Exercise instructions: For this exercise, copy out each line of the material below that includes "fill".

Listed records:
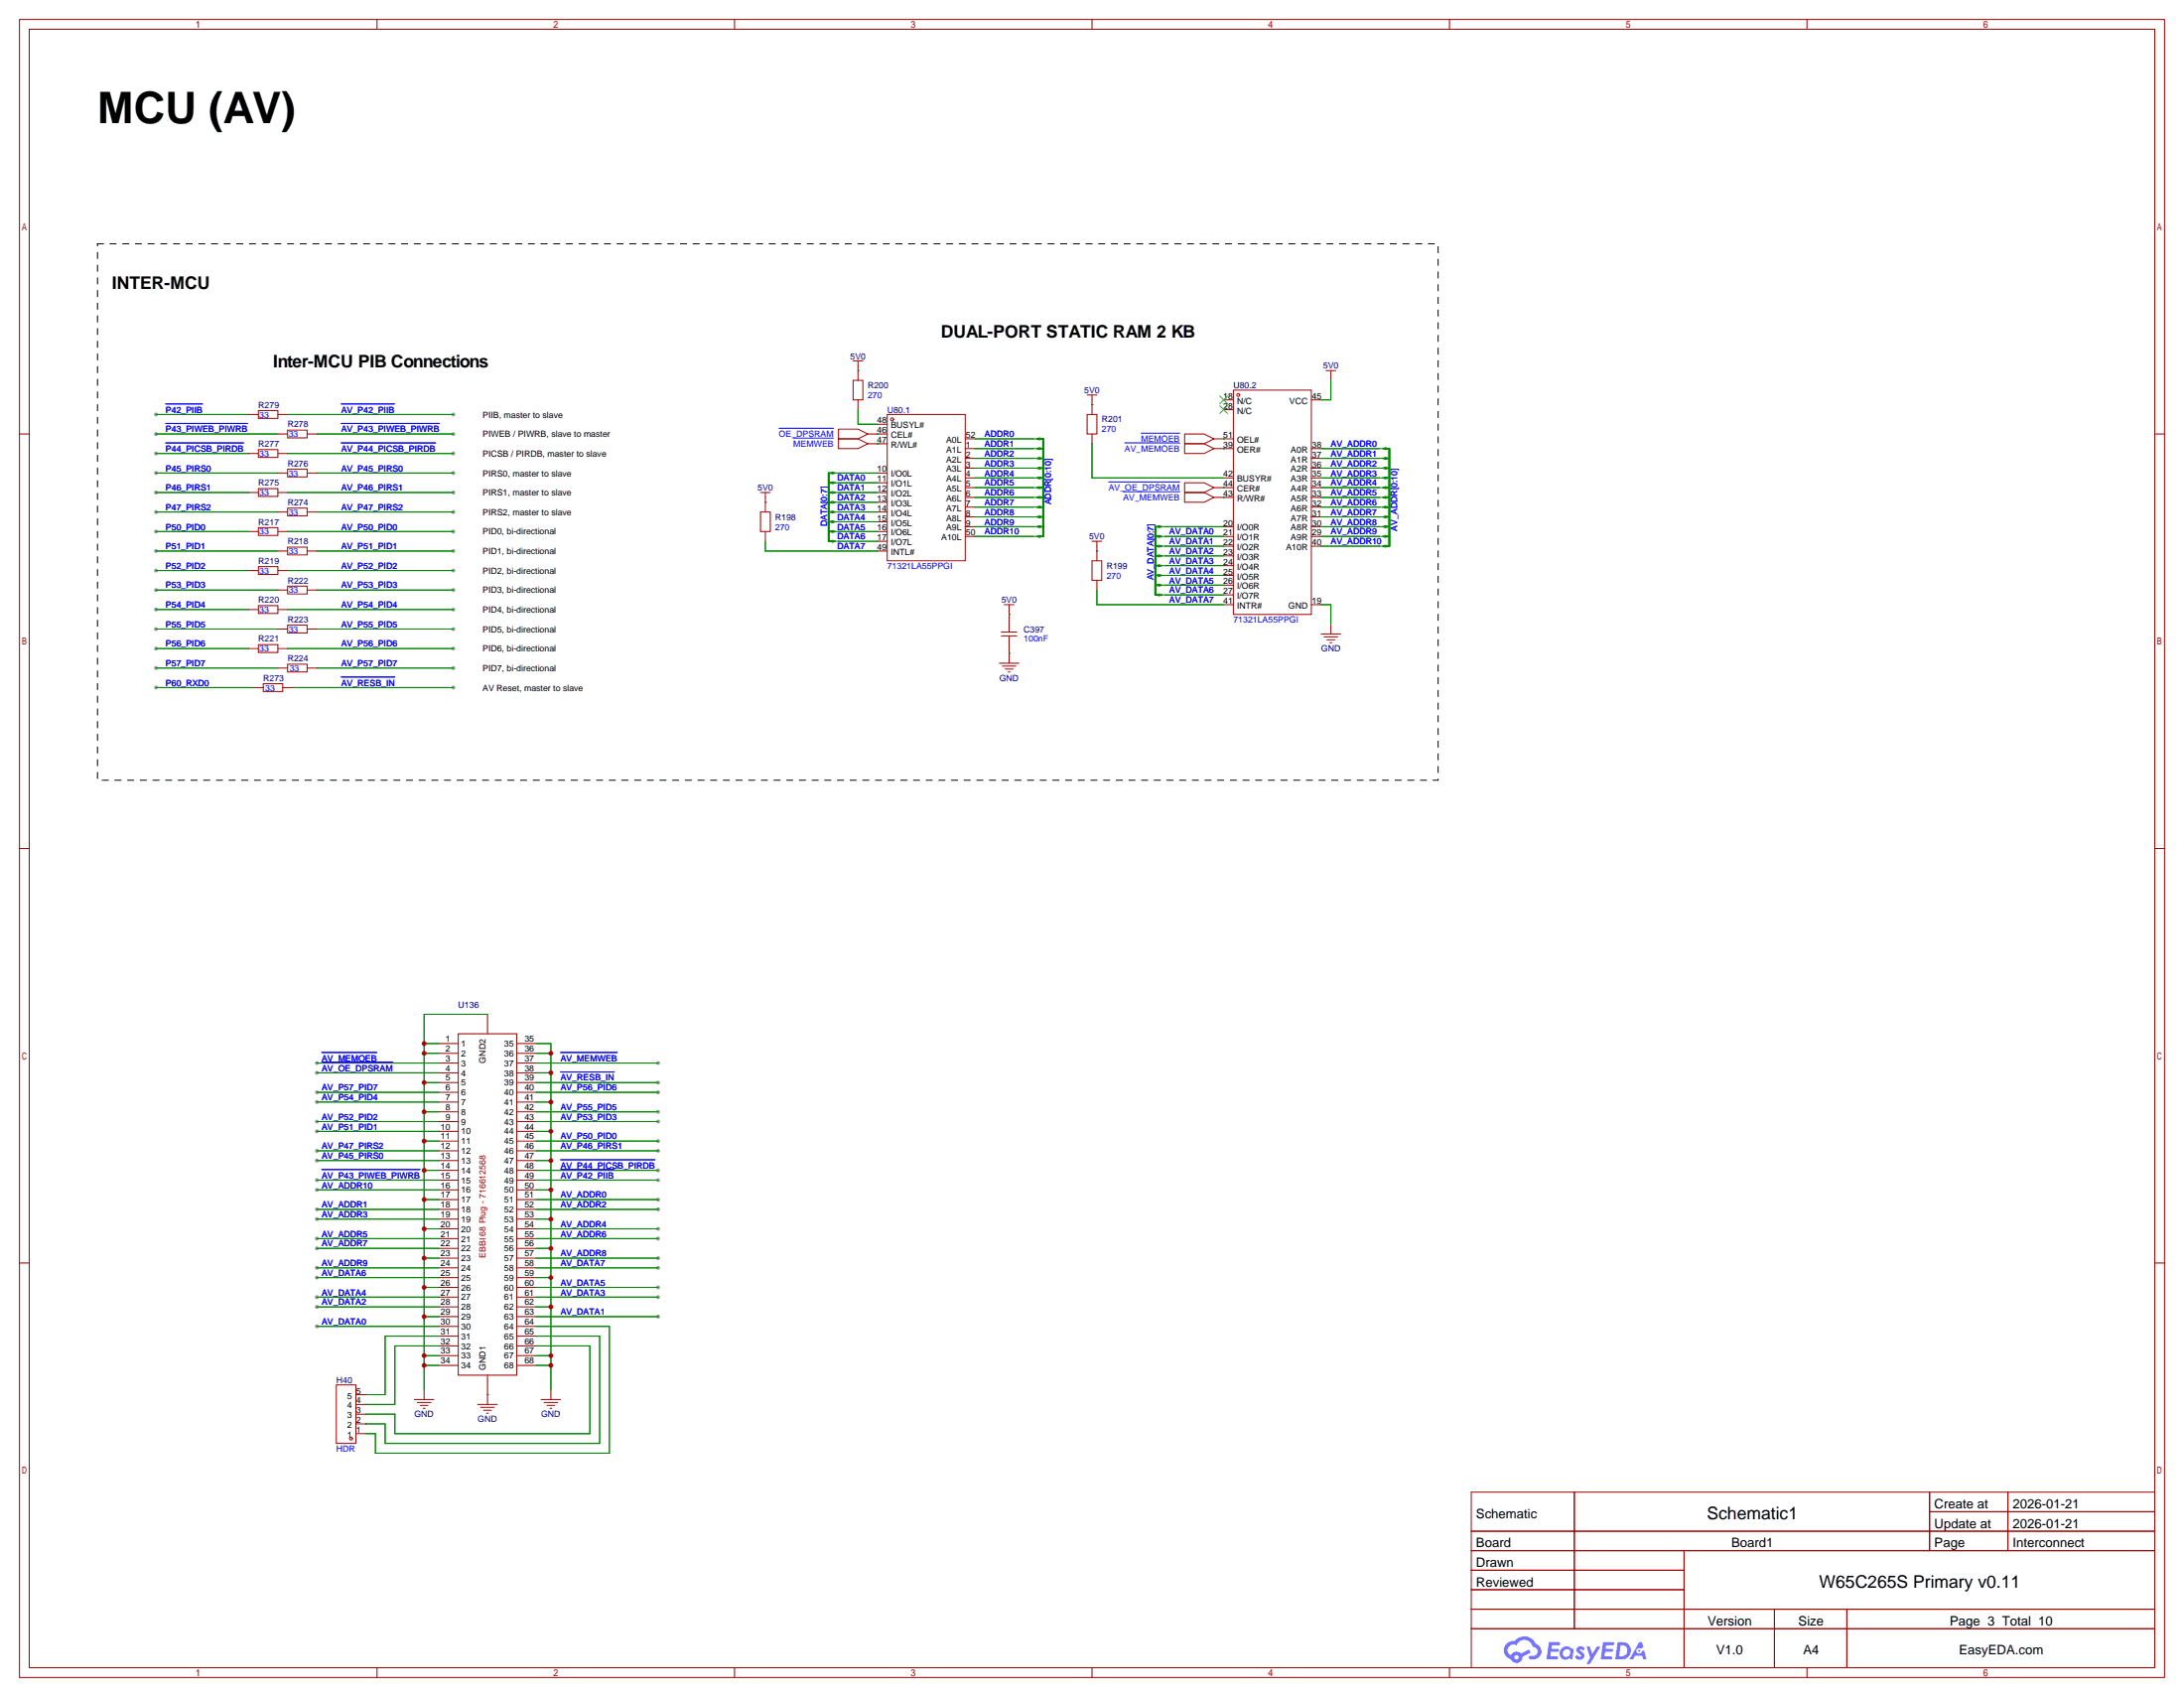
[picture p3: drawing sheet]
<svg xmlns="http://www.w3.org/2000/svg" width="569mm" height="442mm" viewBox="0 0 569 442" stroke-linecap="round" stroke-linejoin="round" font-family="sans-serif">
<g fill="#999">
<circle cx="40.6" cy="113" r=".51"/>
<circle cx="118.1" cy="113" r=".51"/>
<circle cx="118.1" cy="118.1" r=".51"/>
<circle cx="40.6" cy="123.2" r=".51"/>
<circle cx="118.1" cy="123.2" r=".51"/>
<circle cx="118.1" cy="128.3" r=".51"/>
<circle cx="40.6" cy="133.4" r=".51"/>
<circle cx="118.1" cy="133.4" r=".51"/>
<circle cx="118.1" cy="138.4" r=".51"/>
<circle cx="118.1" cy="143.5" r=".51"/>
<circle cx="118.1" cy="148.6" r=".51"/>
<circle cx="118.1" cy="153.7" r=".51"/>
<circle cx="118.1" cy="158.8" r=".51"/>
<circle cx="118.1" cy="163.8" r=".51"/>
<circle cx="118.1" cy="168.9" r=".51"/>
<circle cx="118.1" cy="174" r=".51"/>
<circle cx="40.6" cy="138.4" r=".51"/>
<circle cx="40.6" cy="143.5" r=".51"/>
<circle cx="40.6" cy="148.6" r=".51"/>
<circle cx="40.6" cy="153.7" r=".51"/>
<circle cx="40.6" cy="158.8" r=".51"/>
<circle cx="40.6" cy="163.8" r=".51"/>
<circle cx="40.6" cy="168.9" r=".51"/>
<circle cx="40.6" cy="174" r=".51"/>
<circle cx="40.6" cy="128.3" r=".51"/>
<circle cx="40.6" cy="118.1" r=".51"/>
<circle cx="118.1" cy="108" r=".51"/>
<circle cx="40.6" cy="108" r=".51"/>
<circle cx="118.1" cy="179.1" r=".51"/>
<circle cx="40.6" cy="179.1" r=".51"/>
<circle cx="82.5" cy="276.9" r=".51"/>
<circle cx="82.5" cy="330.2" r=".51"/>
<circle cx="171.4" cy="327.7" r=".51"/>
<circle cx="82.5" cy="325.1" r=".51"/>
<circle cx="171.4" cy="322.6" r=".51"/>
<circle cx="82.5" cy="322.6" r=".51"/>
<circle cx="171.4" cy="320" r=".51"/>
<circle cx="82.5" cy="317.5" r=".51"/>
<circle cx="171.4" cy="315" r=".51"/>
<circle cx="82.5" cy="315" r=".51"/>
<circle cx="171.4" cy="312.4" r=".51"/>
<circle cx="82.5" cy="309.9" r=".51"/>
<circle cx="82.5" cy="345.4" r=".51"/>
<circle cx="171.4" cy="342.9" r=".51"/>
<circle cx="82.5" cy="340.4" r=".51"/>
<circle cx="171.4" cy="337.8" r=".51"/>
<circle cx="82.5" cy="337.8" r=".51"/>
<circle cx="171.4" cy="335.3" r=".51"/>
<circle cx="82.5" cy="332.7" r=".51"/>
<circle cx="171.4" cy="330.2" r=".51"/>
<circle cx="171.4" cy="276.9" r=".51"/>
<circle cx="82.5" cy="279.4" r=".51"/>
<circle cx="171.4" cy="281.9" r=".51"/>
<circle cx="82.5" cy="284.5" r=".51"/>
<circle cx="171.4" cy="284.5" r=".51"/>
<circle cx="82.5" cy="287" r=".51"/>
<circle cx="171.4" cy="289.6" r=".51"/>
<circle cx="82.5" cy="292.1" r=".51"/>
<circle cx="171.4" cy="292.1" r=".51"/>
<circle cx="82.5" cy="294.6" r=".51"/>
<circle cx="171.4" cy="297.2" r=".51"/>
<circle cx="82.5" cy="299.7" r=".51"/>
<circle cx="171.4" cy="299.7" r=".51"/>
<circle cx="82.5" cy="302.3" r=".51"/>
<circle cx="171.4" cy="304.8" r=".51"/>
<circle cx="82.5" cy="307.3" r=".51"/>
<circle cx="171.4" cy="307.3" r=".51"/>
</g>
<g fill="none" stroke="#a10000" stroke-width=".26">
<path d="M5.1 5.1h558.8v431.8h-558.8zM7.6 7.6h553.7v426.7h-553.7zM98.2 5.1v2.5M191.3 5.1v2.5M284.5 5.1v2.5M377.6 5.1v2.5M470.7 5.1v2.5M5.1 113h2.5M561.3 113h2.6M5.1 221h2.5M561.3 221h2.6M5.1 328.9h2.5"/>
<path d="M561.3 328.9h2.6M383.3 388.6h178v45.7h-178zM383.3 398.8h178M410.1 388.6v35.6M502.7 388.6v15.3M502.7 393.7h58.6M523.1 388.6v15.3M383.3 403.9h178M383.3 408.9h55.4M383.3 419.1h178M383.3 414h55.4M438.7 403.9v30.4"/>
<path d="M462.3 419.1v15.2M481.1 419.1v15.2M98.2 434.3v2.6M191.3 434.3v2.6M284.5 434.3v2.6M377.6 434.3v2.6M383.3 424.2h178M470.7 434.3v2.6"/>
</g>
<g fill="#5487ff">
<path d="M411 429a1.3 1.3 0 0 1 1.9 .3l-.4 .6a.47 .47 0 0 0-.4-.4 .47 .47 0 0 0-.5 .3l.1 .1a1.28 1.28 0 0 1 .7 2 1.53 1.53 0 0 1-2.1-.3l.5-.6 .8 .5a.31 .31 0 0 0 .3-.3 .31 .31 0 0 0-.3-.3 1.12 1.12 0 0 1-.6-1.9z"/>
<path d="M413.3 428.8h.8l.7 2 1.2-2h.9l-2.7 4.6h-.9l1-1.7z"/>
<path d="M403.5 427.7h2.3a.46 .46 0 0 1 .5 .1 .46 .46 0 0 1 .1 .5l-.4 .2h-1.7l-.1 .9h1.6l.3 .2a.4 .4 0 0 1-.4 .6h-1.7l-.1 1.2h1.6a.39 .39 0 0 1 .4 .4 .39 .39 0 0 1-.4 .4h-2.6z"/>
<path d="M417.6 427.7h2.5a.4 .4 0 0 1 .5 .4 .4 .4 0 0 1-.4 .4h-1.8l-.1 .9h1.6l.3 .2a.4 .4 0 0 1-.4 .6h-1.6l-.2 1.2h1.6a.39 .39 0 0 1 .4 .4 .39 .39 0 0 1-.4 .4h-2.6z"/>
<path d="M427 427.7h.8l.3 1.3-.6 .4a.75 .75 0 0 0-1.1 .3 .75 .75 0 0 0 .4 1 .75 .75 0 0 0 1-.7l.5-.2 .6 2.3h-.8l-.3-.9h-1.8l-.5 .9h-1z"/>
<path d="M421.4 427.7l-.6 4.5h1.4a2.27 2.27 0 0 0 2.7-2.3 2.27 2.27 0 0 0-2.7-2.2zM422.2 428.5a1.5 1.5 0 0 1 1.8 1.5 1.5 1.5 0 0 1-1.9 1.4h-.3z"/>
<path d="M406.8 429.3a1.6 1.6 0 0 0-.3 2.3 1.6 1.6 0 0 0 2.3 .2l.8 .4 .3-2.5-.1-.3h-.5a1.58 1.58 0 0 0-2.5-.1zM407.4 429.8a.99 .99 0 0 1 1.7 .6 .99 .99 0 0 1-1.4 1.1 .98 .98 0 0 1-.3-1.7z"/>
<path d="M392.5 428.1a2.37 2.37 0 0 0 1.1 4 1.54 1.54 0 0 0 1.8 1 1.54 1.54 0 0 0 1.2-1.6l2.2-1.1-.5-.8-2.1 1a1.57 1.57 0 0 0-2.6 .5 1.5 1.5 0 0 1-.7-2.1 1.5 1.5 0 0 1 2.2-.5 2.27 2.27 0 0 1 2.3-1.4 2.27 2.27 0 0 1 2 1.8 1.16 1.16 0 0 1 1.2 1.1 1.16 1.16 0 0 1-1.1 1.2h-.7a.47 .47 0 0 0-.6 .4 .47 .47 0 0 0 .5 .6 2.14 2.14 0 0 0 2.7-1.4 2.14 2.14 0 0 0-1.3-2.7 3.2 3.2 0 0 0-5.5-.7l-1.1 .1zM394.5 431.6a.6 .6 0 0 1 1.2 0 .6 .6 0 0 1-1.2 0z"/>
<circle cx="427" cy="429.9" r=".28"/>
</g>
<g fill="none" stroke="#a10000" stroke-width=".26">
<path d="M222.2 99.1h2.6v5h-2.6zM222.2 94h2.6M223.5 94v5.1M345.4 96.5h2.6M346.7 96.5v2.6M64.8 118.1h2.5M64.8 108h2.5M67.3 117.1h5.1v2h-5.1zM67.3 106.9h5.1v2.1h-5.1zM72.4 113h2.5M72.4 118.1h2.5M72.4 108h2.5"/>
<path d="M74.9 112h5.1v2h-5.1zM80 113h2.5M218.4 114.3h5.1l2.6 1.3-2.6 1.2h-5.1zM218.4 111.8h5.1l2.6 1.2-2.6 1.3h-5.1zM223.5 104.1v2.6M226.1 113h5M226.1 115.6h5M228.6 110.5h2.5M231.1 108h20.4v38.1h-20.4zM251.5 119.4h2.5M251.5 116.8h2.5M251.5 114.3h2.5"/>
<path d="M283.2 108h2.6v5h-2.6zM283.2 102.9h2.6M284.5 102.9v5.1M284.5 113v2.6M308.6 115.6h5.1l2.5 1.2-2.5 1.3h-5.1zM308.6 113h5.1l2.5 1.3-2.5 1.3h-5.1zM316.2 116.8h5.1M316.2 114.3h5.1M318.8 104.1h2.5M318.8 106.7h2.5M321.3 101.6h20.3v58.4h-20.3zM341.6 119.4h2.6"/>
<path d="M341.6 116.8h2.6M341.6 104.1h2.6M64.8 128.3h2.5M64.8 138.4h2.5M67.3 137.4h5.1v2h-5.1zM67.3 127.3h5.1v2h-5.1zM72.4 123.2h2.5M72.4 128.3h2.5M72.4 133.4h2.5M72.4 138.4h2.5M74.9 132.3h5.1v2.1h-5.1zM74.9 122.2h5.1v2h-5.1z"/>
<path d="M80 123.2h2.5M80 133.4h2.5M198.1 133.4h2.6v5h-2.6zM198.1 128.3h2.6M199.4 128.3v5.1M199.4 138.4v2.6M228.6 123.2h2.5M228.6 125.7h2.5M228.6 128.3h2.5M228.6 130.8h2.5M228.6 133.4h2.5M228.6 135.9h2.5"/>
<path d="M228.6 138.4h2.5M251.5 139.7h2.5M251.5 137.2h2.5M251.5 134.6h2.5M251.5 132.1h2.5M251.5 129.5h2.5M251.5 127h2.5M251.5 124.5h2.5M251.5 121.9h2.5M308.6 128.3h5.1l2.5 1.2-2.5 1.3h-5.1zM308.6 125.7h5.1l2.5 1.3-2.5 1.3h-5.1zM316.2 129.5h5.1"/>
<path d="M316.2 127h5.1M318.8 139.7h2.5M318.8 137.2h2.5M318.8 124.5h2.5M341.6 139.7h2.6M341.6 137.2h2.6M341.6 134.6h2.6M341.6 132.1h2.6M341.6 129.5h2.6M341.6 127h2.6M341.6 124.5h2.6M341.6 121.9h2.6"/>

Task result:
<g fill="#999">
<g fill="none" stroke="#a10000" stroke-width=".26">
<g fill="#5487ff">
<g fill="none" stroke="#a10000" stroke-width=".26">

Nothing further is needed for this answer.